フジ系のドラマ「愛の、がっこう。」(木曜夜10時)がまもなくラストを迎えるのを前に、恋愛ドラマに目がない放送担当記者として、書きたいと思った。脚本・井上由美子、演出・西谷弘という不倫ドラマの金字塔「昼顔」を手がけた2人がタッグを組んだこのドラマに感じた「物足りなさ」と、それでもなぜ2人の「愛」が魅力的なのかを。
「昼顔」タッグによる教師とホストの課外授業
35歳の高校教師、小川愛実(木村文乃)は、古い価値観を持つ家庭で親のいいなりに育ち、恋愛には奥手。慎重でまっすぐな性格で人間関係には不器用なため、以前つき合った男性にはストーカーをしたあげく、失恋を苦に自殺を図った過去がある。
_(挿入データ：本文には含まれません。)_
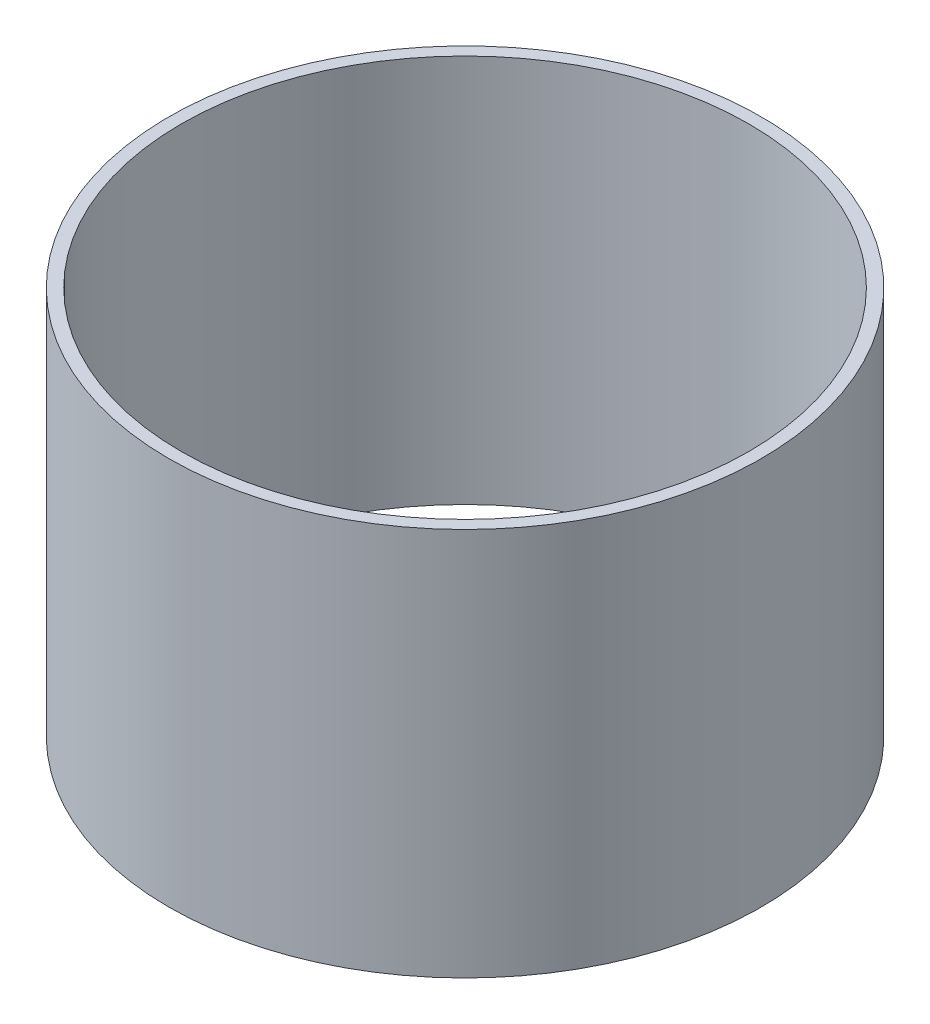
ISO-10303-21;
HEADER;
FILE_DESCRIPTION(('STEP AP214'),'2;1');
FILE_NAME('part.step','',(''),(''),'','','');
FILE_SCHEMA(('AUTOMOTIVE_DESIGN { 1 0 10303 214 1 1 1 1 }'));
ENDSEC;
DATA;
#1=APPLICATION_CONTEXT('core data for automotive mechanical design processes');
#2=APPLICATION_PROTOCOL_DEFINITION('international standard','automotive_design',2000,#1);
#3=PRODUCT_CONTEXT('',#1,'mechanical');
#4=PRODUCT('Part','Part','',(#3));
#5=PRODUCT_RELATED_PRODUCT_CATEGORY('part','',(#4));
#6=PRODUCT_DEFINITION_FORMATION('','',#4);
#7=PRODUCT_DEFINITION_CONTEXT('part definition',#1,'design');
#8=PRODUCT_DEFINITION('design','',#6,#7);
#9=PRODUCT_DEFINITION_SHAPE('','',#8);
#10=(LENGTH_UNIT() NAMED_UNIT(*) SI_UNIT(.MILLI.,.METRE.));
#11=(NAMED_UNIT(*) PLANE_ANGLE_UNIT() SI_UNIT($,.RADIAN.));
#12=(NAMED_UNIT(*) SI_UNIT($,.STERADIAN.) SOLID_ANGLE_UNIT());
#13=UNCERTAINTY_MEASURE_WITH_UNIT(LENGTH_MEASURE(1.E-05),#10,'distance_accuracy_value','');
#14=(GEOMETRIC_REPRESENTATION_CONTEXT(3) GLOBAL_UNCERTAINTY_ASSIGNED_CONTEXT((#13)) GLOBAL_UNIT_ASSIGNED_CONTEXT((#10,
#11,#12)) REPRESENTATION_CONTEXT('',''));
#15=CARTESIAN_POINT('',(0.,0.,0.));
#16=DIRECTION('',(0.,0.,1.));
#17=DIRECTION('',(1.,0.,0.));
#18=AXIS2_PLACEMENT_3D('',#15,#16,#17);
#19=CARTESIAN_POINT('',(0.,199.898,0.));
#20=DIRECTION('',(0.,1.,0.));
#21=DIRECTION('',(0.,0.,1.));
#22=AXIS2_PLACEMENT_3D('',#19,#20,#21);
#23=PLANE('',#22);
#24=CARTESIAN_POINT('',(0.,199.898,0.));
#25=DIRECTION('',(0.,1.,0.));
#26=DIRECTION('',(0.,0.,1.));
#27=AXIS2_PLACEMENT_3D('',#24,#25,#26);
#28=CIRCLE('',#27,152.4);
#29=CARTESIAN_POINT('',(0.,199.898,152.4));
#30=VERTEX_POINT('',#29);
#31=EDGE_CURVE('E10',#30,#30,#28,.T.);
#32=ORIENTED_EDGE('',*,*,#31,.T.);
#33=EDGE_LOOP('',(#32));
#34=FACE_BOUND('',#33,.T.);
#35=CARTESIAN_POINT('',(0.,199.898,0.));
#36=DIRECTION('',(0.,1.,0.));
#37=DIRECTION('',(0.,0.,1.));
#38=AXIS2_PLACEMENT_3D('',#35,#36,#37);
#39=CIRCLE('',#38,146.05);
#40=CARTESIAN_POINT('',(0.,199.898,146.05));
#41=VERTEX_POINT('',#40);
#42=EDGE_CURVE('E41',#41,#41,#39,.T.);
#43=ORIENTED_EDGE('',*,*,#42,.F.);
#44=EDGE_LOOP('',(#43));
#45=FACE_BOUND('',#44,.T.);
#46=ADVANCED_FACE('F30',(#34,#45),#23,.T.);
#47=CARTESIAN_POINT('',(0.,0.,0.));
#48=DIRECTION('',(0.,1.,0.));
#49=DIRECTION('',(0.,0.,1.));
#50=AXIS2_PLACEMENT_3D('',#47,#48,#49);
#51=PLANE('',#50);
#52=CARTESIAN_POINT('',(0.,0.,0.));
#53=DIRECTION('',(0.,1.,0.));
#54=DIRECTION('',(0.,0.,1.));
#55=AXIS2_PLACEMENT_3D('',#52,#53,#54);
#56=CIRCLE('',#55,152.4);
#57=CARTESIAN_POINT('',(0.,0.,152.4));
#58=VERTEX_POINT('',#57);
#59=EDGE_CURVE('E37',#58,#58,#56,.T.);
#60=ORIENTED_EDGE('',*,*,#59,.F.);
#61=EDGE_LOOP('',(#60));
#62=FACE_BOUND('',#61,.T.);
#63=CARTESIAN_POINT('',(0.,0.,0.));
#64=DIRECTION('',(0.,1.,0.));
#65=DIRECTION('',(0.,0.,1.));
#66=AXIS2_PLACEMENT_3D('',#63,#64,#65);
#67=CIRCLE('',#66,146.05);
#68=CARTESIAN_POINT('',(0.,0.,146.05));
#69=VERTEX_POINT('',#68);
#70=EDGE_CURVE('E45',#69,#69,#67,.T.);
#71=ORIENTED_EDGE('',*,*,#70,.T.);
#72=EDGE_LOOP('',(#71));
#73=FACE_BOUND('',#72,.T.);
#74=ADVANCED_FACE('F51',(#62,#73),#51,.F.);
#75=CARTESIAN_POINT('',(0.,199.898,0.));
#76=DIRECTION('',(0.,-1.,0.));
#77=DIRECTION('',(0.,0.,-1.));
#78=AXIS2_PLACEMENT_3D('',#75,#76,#77);
#79=CYLINDRICAL_SURFACE('',#78,152.4);
#80=ORIENTED_EDGE('',*,*,#31,.F.);
#81=EDGE_LOOP('',(#80));
#82=FACE_BOUND('',#81,.T.);
#83=ORIENTED_EDGE('',*,*,#59,.T.);
#84=EDGE_LOOP('',(#83));
#85=FACE_BOUND('',#84,.T.);
#86=ADVANCED_FACE('F32',(#82,#85),#79,.T.);
#87=CARTESIAN_POINT('',(0.,199.898,0.));
#88=DIRECTION('',(0.,-1.,0.));
#89=DIRECTION('',(0.,0.,-1.));
#90=AXIS2_PLACEMENT_3D('',#87,#88,#89);
#91=CYLINDRICAL_SURFACE('',#90,146.05);
#92=ORIENTED_EDGE('',*,*,#42,.T.);
#93=EDGE_LOOP('',(#92));
#94=FACE_BOUND('',#93,.T.);
#95=ORIENTED_EDGE('',*,*,#70,.F.);
#96=EDGE_LOOP('',(#95));
#97=FACE_BOUND('',#96,.T.);
#98=ADVANCED_FACE('F53',(#94,#97),#91,.F.);
#99=CLOSED_SHELL('',(#46,#74,#86,#98));
#100=MANIFOLD_SOLID_BREP('B2',#99);
#101=ADVANCED_BREP_SHAPE_REPRESENTATION('',(#18,#100),#14);
#102=SHAPE_DEFINITION_REPRESENTATION(#9,#101);
ENDSEC;
END-ISO-10303-21;

一方、持ち前の人なつっこさとトークスキルでのし上がった23歳のホストのカヲル(ラウール)は、文字の読み書きが苦手な識字障害を抱える。複雑な生い立ちや何かと金をせびる母親との関係も、彼の生活に影を落とす。
愛実はホストクラブに通う生徒を連れ戻すために歌舞伎町へ向かい、カヲルと出会う。2人は読み書きを教える教師と生徒という関係になるが周囲は歓迎しない。
物語のちょうど中間地点となる第6話では、放送時間の大半を使って2人の現実からの逃避行が描かれた。
悲劇的ではない破滅は物足りない?
そして愛実とカヲルの関係は、高校に発覚する。いよいよここから「昼顔」のようにドロドロで破滅の物語へ……と期待したら、今作はどうも恋も絶望も、微温的に見える。
娘を思い通りにしようとする父親や、体面ばかりを見る勤務先の教師陣に保護者。愛実の周囲は、家庭も学校も音を立てて崩れるような設定ばかりなのに、あまり激情的には描かない。
大人の恋ならではの性愛や愛欲とも遠い。愛ゆえにどうしようもなく破滅へ突き進む「昼顔」のような展開を期待した私には、物足りなく感じていた。